If some or all of an ARF left to a child, the tax treatment varies, depending on the age of the child. ARF benefits payable to a child under the age of 21 may be subject to inheritance tax, though no income tax will be due. ARF benefits payable to a child over the age of 21 are subject to income tax at a rate of 30pc, regardless of the size of the fund. However, inheritance tax is not payable.

Annuities

With some annuities, an individual’s pension simply stops when they die – even if they pass away shortly after retiring.

This means that the individual – and their dependents – could get very little back for all of the years they have been paying into a pension. For this reason, a guaranteed annuity is something an individual could consider if they have family. With a guaranteed annuity, the pension will continue to be paid to the individual’s estate for a certain amount of time (usually for either five or ten years) – even if they die shortly after buying their annuity. These annuities are more expensive than the ones which do not come with a guarantee – but they offer peace of mind.
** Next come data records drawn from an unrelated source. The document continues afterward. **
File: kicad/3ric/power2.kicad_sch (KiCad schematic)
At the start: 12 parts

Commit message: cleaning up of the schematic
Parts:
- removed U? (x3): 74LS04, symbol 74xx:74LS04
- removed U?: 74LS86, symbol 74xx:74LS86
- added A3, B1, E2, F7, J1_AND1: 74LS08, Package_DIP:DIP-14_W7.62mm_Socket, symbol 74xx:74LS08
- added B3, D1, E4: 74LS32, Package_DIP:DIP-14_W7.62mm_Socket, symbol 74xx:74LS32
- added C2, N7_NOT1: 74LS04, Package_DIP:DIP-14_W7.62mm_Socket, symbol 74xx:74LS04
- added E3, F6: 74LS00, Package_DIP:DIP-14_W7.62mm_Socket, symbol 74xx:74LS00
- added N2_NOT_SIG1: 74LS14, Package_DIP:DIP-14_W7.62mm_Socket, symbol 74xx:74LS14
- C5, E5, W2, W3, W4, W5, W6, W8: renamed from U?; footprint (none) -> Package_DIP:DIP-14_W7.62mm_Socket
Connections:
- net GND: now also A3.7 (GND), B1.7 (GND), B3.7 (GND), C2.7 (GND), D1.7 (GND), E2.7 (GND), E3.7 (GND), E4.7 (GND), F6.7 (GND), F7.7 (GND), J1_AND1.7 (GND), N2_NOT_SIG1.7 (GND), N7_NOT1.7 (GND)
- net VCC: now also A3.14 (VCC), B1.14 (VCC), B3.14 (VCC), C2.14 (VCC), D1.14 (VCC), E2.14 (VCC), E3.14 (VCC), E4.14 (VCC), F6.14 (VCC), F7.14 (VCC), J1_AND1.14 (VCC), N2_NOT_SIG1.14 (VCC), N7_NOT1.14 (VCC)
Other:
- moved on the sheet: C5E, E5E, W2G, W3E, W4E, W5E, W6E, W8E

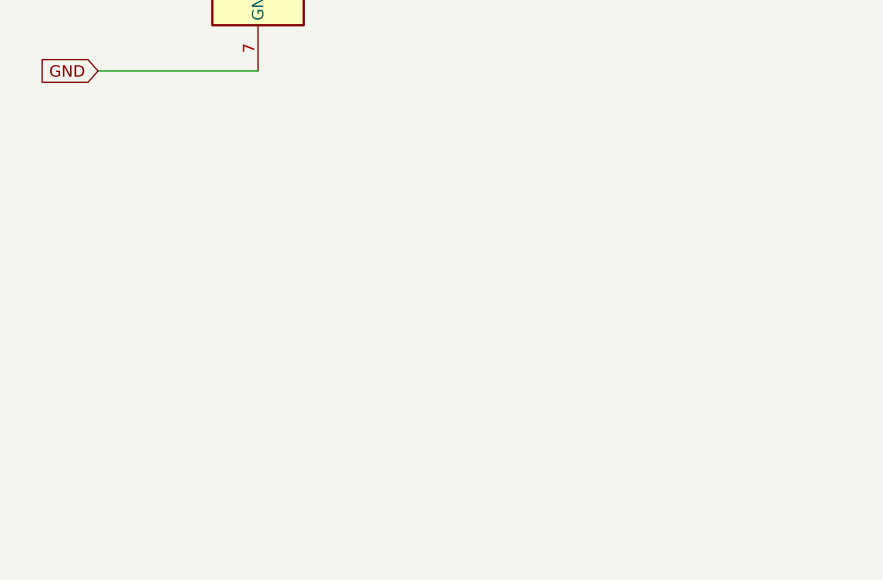
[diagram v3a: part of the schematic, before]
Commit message: updated schematics and PCB PNG of the breadboard layout
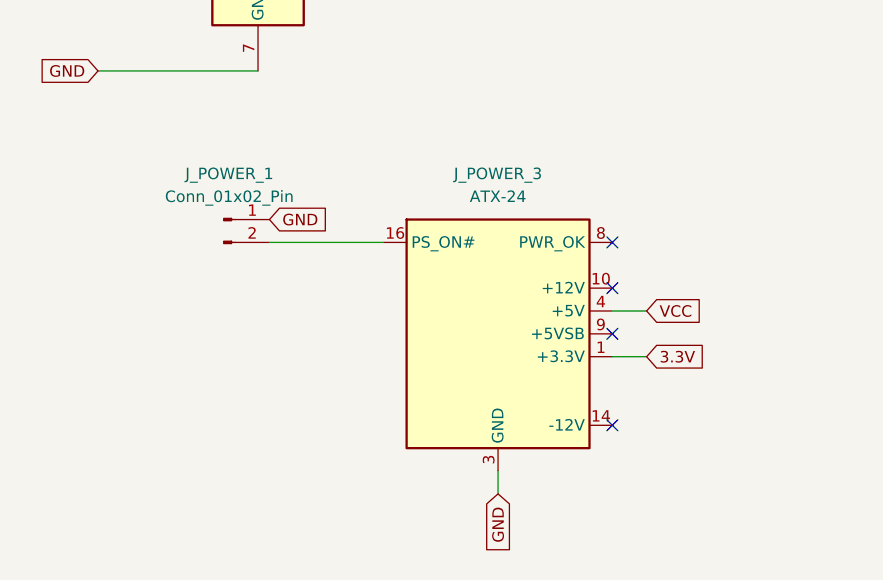
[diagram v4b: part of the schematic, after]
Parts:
- added J_POWER_1: Conn_01x02_Pin, Connector_PinHeader_2.54mm:PinHeader_2x01_P2.54mm_Vertical, symbol Connector:Conn_01x02_Pin
- added J_POWER_3: ATX-24, atxplug:1-1775099-3, symbol Connector:ATX-24
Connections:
- net GND: now also J_POWER_1.1 (Pin_1), J_POWER_3.15 (GND), J_POWER_3.17 (GND), J_POWER_3.18 (GND), J_POWER_3.19 (GND), J_POWER_3.24 (GND), J_POWER_3.3 (GND), J_POWER_3.5 (GND), J_POWER_3.7 (GND)
- net VCC: now also J_POWER_3.21 (+5V), J_POWER_3.22 (+5V), J_POWER_3.23 (+5V), J_POWER_3.4 (+5V), J_POWER_3.6 (+5V)
- new net: J_POWER_3.10 (+12V), J_POWER_3.11 (+12V)
- new net: J_POWER_1.2 (Pin_2), J_POWER_3.16 (PS_ON#)
- new net 3.3V: J_POWER_3.1 (+3.3V), J_POWER_3.12 (+3.3V), J_POWER_3.13 (+3.3V), J_POWER_3.2 (+3.3V)
- no-connect marks 0 -> 4

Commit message: pcb layout continued
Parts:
- added C58: 0.1µ, Capacitor_SMD:C_1206_3216Metric_Pad1.33x1.80mm_HandSolder, symbol Device:C
- added J_PWR_LED_1: Conn_01x02_Pin, Connector_PinHeader_2.54mm:PinHeader_2x01_P2.54mm_Vertical, symbol Connector:Conn_01x02_Pin
- added R23: R, Resistor_SMD:R_0603_1608Metric_Pad0.98x0.95mm_HandSolder, symbol Device:R
- added R_POWER1: 1K, Resistor_SMD:R_0603_1608Metric_Pad0.98x0.95mm_HandSolder, symbol Device:R
- added U1: 74HC74, Package_DIP:DIP-14_W7.62mm_Socket, symbol 74xx:74HC74
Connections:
- net GND: now also C58.1, R23.1, R_POWER1.1, U1.7 (GND); no longer J_POWER_1.1 (Pin_1)
- net VCC: now also J_PWR_LED_1.1 (Pin_1)
- net at J_POWER_3.16 (PS_ON#): now also U1.2 (D), U1.6 (~{Q}); no longer J_POWER_1.2 (Pin_2)
- net at J_POWER_3.9 (+5VSB): now also J_POWER_1.1 (Pin_1), U1.1 (~{R}), U1.14 (VCC), U1.4 (~{S})
- new net: C58.2, J_POWER_1.2 (Pin_2), R_POWER1.2, U1.3 (C)
- new net: J_PWR_LED_1.2 (Pin_2), R23.2
- no-connect marks 4 -> 10
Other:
- moved on the sheet: J1_AND1E, J_POWER_3

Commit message: v2 pcb
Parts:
- removed F7: 74LS08, Package_DIP:DIP-14_W7.62mm_Socket, symbol 74xx:74LS08
- R23: value R -> R220
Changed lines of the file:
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@@
 	)
 	(junction
-		(at 250.19 48.26)
-		(diameter 0)
-		(color 0 0 0 0)
-	)
-	(junction
 		(at 205.74 48.26)
 		(diameter 0)
@@
 	)
 	(junction
-		(at 250.19 22.86)
-		(diameter 0)
-		(color 0 0 0 0)
-	)
-	(junction
 		(at 139.7 129.54)
 		(diameter 0)
@@
 	(wire
 		(pts
-			(xy 227.33 22.86) (xy 250.19 22.86)
+			(xy 227.33 22.86) (xy 269.24 22.86)
 		)
 		(stroke
@@
 	(wire
 		(pts
-			(xy 250.19 22.86) (xy 269.24 22.86)
-		)
-		(stroke
-			(width 0)
-			(type default)
-		)
-	)
-	(wire
-		(pts
 			(xy 153.67 106.68) (xy 182.88 106.68)
 		)
@@
 	(wire
 		(pts
-			(xy 227.33 48.26) (xy 250.19 48.26)
+			(xy 227.33 48.26) (xy 269.24 48.26)
 		)
 		(stroke
@@
 	(wire
 		(pts
-			(xy 250.19 48.26) (xy 269.24 48.26)
-		)
-		(stroke
-			(width 0)
-			(type default)
-		)
-	)
-	(wire
-		(pts
 			(xy 168.91 111.76) (xy 139.7 111.76)
 		)
@@
 	)
 	(symbol
-		(lib_id "74xx:74LS08")
-		(at 250.19 35.56 0)
-		(unit 5)
-		(exclude_from_sim no)
-		(in_bom yes)
-		(on_board yes)
-		(dnp no)
-		(fields_autoplaced yes)
-		(property "Reference" "F7"
-			(at 256.032 34.7253 0)
-			(effects
-				(font
-					(size 1.27 1.27)
-				)
-				(justify left)
-			)
-		)
-		(property "Value" "74LS08"
-			(at 256.032 37.2622 0)
-			(effects
-				(font
-					(size 1.27 1.27)
-				)
-				(justify left)
-			)
-		)
-		(property "Footprint" "Package_DIP:DIP-14_W7.62mm_Socket"
-			(at 250.19 35.56 0)
-			(effects
-				(font
-					(size 1.27 1.27)
-				)
-				(hide yes)
-			)
-		)
-		(property "Datasheet" "http://www.ti.com/lit/gpn/sn74LS08"
-			(at 250.19 35.56 0)
-			(effects
-				(font
-					(size 1.27 1.27)
-				)
-				(hide yes)
-			)
-		)
-		(property "Description" ""
-			(at 250.19 35.56 0)
-			(effects
-				(font
-					(size 1.27 1.27)
-				)
-				(hide yes)
-			)
-		)
-		(pin "1"
-		)
-		(pin "2"
-		)
-		(pin "3"
-		)
-		(pin "4"
-		)
-		(pin "5"
-		)
-		(pin "6"
-		)
-		(pin "10"
-		)
-		(pin "8"
-		)
-		(pin "9"
-		)
-		(pin "11"
-		)
-		(pin "12"
-		)
-		(pin "13"
-		)
-		(pin "14"
-		)
-		(pin "7"
-		)
-		(instances
-			(project "3ric"
-				(path "/e63e39d7-6ac0-4ffd-8aa3-1841a4541b55/3d1988b8-66f2-463c-870d-4e35da6e7dd8"
-					(reference "F7")
-					(unit 5)
-				)
-			)
-		)
-	)
-	(symbol
 		(lib_id "74xx:74LS04")
 		(at 43.18 114.3 0)
@@
 			)
 		)
-		(property "Value" "R"
+		(property "Value" "R220"
 			(at 218.44 109.22 90)
 			(effects

Another useful option for those with family is a joint-survivor annuity – which is often bought by married couples. With these annuities, a pension continues to be paid to the surviving partner when the spouse dies.

PRSAs

Personal Retirement Savings Accounts (PRSAs) have become more popular in recent years[LM1] , and are a pension product often considered and used by the self-employed. Furthermore, recent changes in the tax rules around PRSAs have increased the appeal of these products. As is the case with any pension product, those with PRSAs should understand what happens to the pension benefits built up in it after they die. With a PRSA, all funds go to the individual’s estate tax-free after they die, with beneficiaries subject to the usual inheritance tax rules.

However, like ARFs, it would be important for an individual to specify in a will that they want their Vested PRSA left to their spouse or other family members. Otherwise, the Vested PRSA could slip into the residue of the individual’s estate which may not necessarily be what the individual had intended.

Birds-eye view on pension

Regardless of the type of pension, it is crucial that it is taken on board by people when planning their estate and where it can be passed onto loved ones, care must be taken to ensure it is included in a will – and that the will stipulates to whom the pension benefits are to pass to.

People should ensure they have a full understanding of all the pension benefits they have built up over their lifetime when planning their estate. There may be pensions which were saved into in an individual’s early career which have been forgotten about or lost track of. Importantly, the money in a pension is held in trust so any money left in an old pension which has been forgotten about is still the pension holder’s money and still there. Hiring a qualified financial advisor can help track down old pensions, so can the register of company pension schemes available from the pensions regulator, the Pensions Authority (pensionsauthority.ie).

Those who have a pension at work should be sure not to overlook any death-in-service benefits they might have. With an occupational pension scheme, should you die while in service, a maximum lump sum of four times your salary can be paid to your estate tax-free, with any surplus going towards an annuity or ARF.

Time will tell what, if any, inheritance tax cuts or changes the Government has in mind. With regard to pensions specifically, there could certainly be merit in the Government considering nuanced inheritance tax-free thresholds to differentiate between those family members that are inheriting money that effectively acts as much-needed income replacement (such as a pension) and those receiving a financial bonus.

Whatever unfolds in the Budget this autumn, the changes mooted are a timely reminder of the importance of estate planning – and why pensions should not be overlooked in this regard.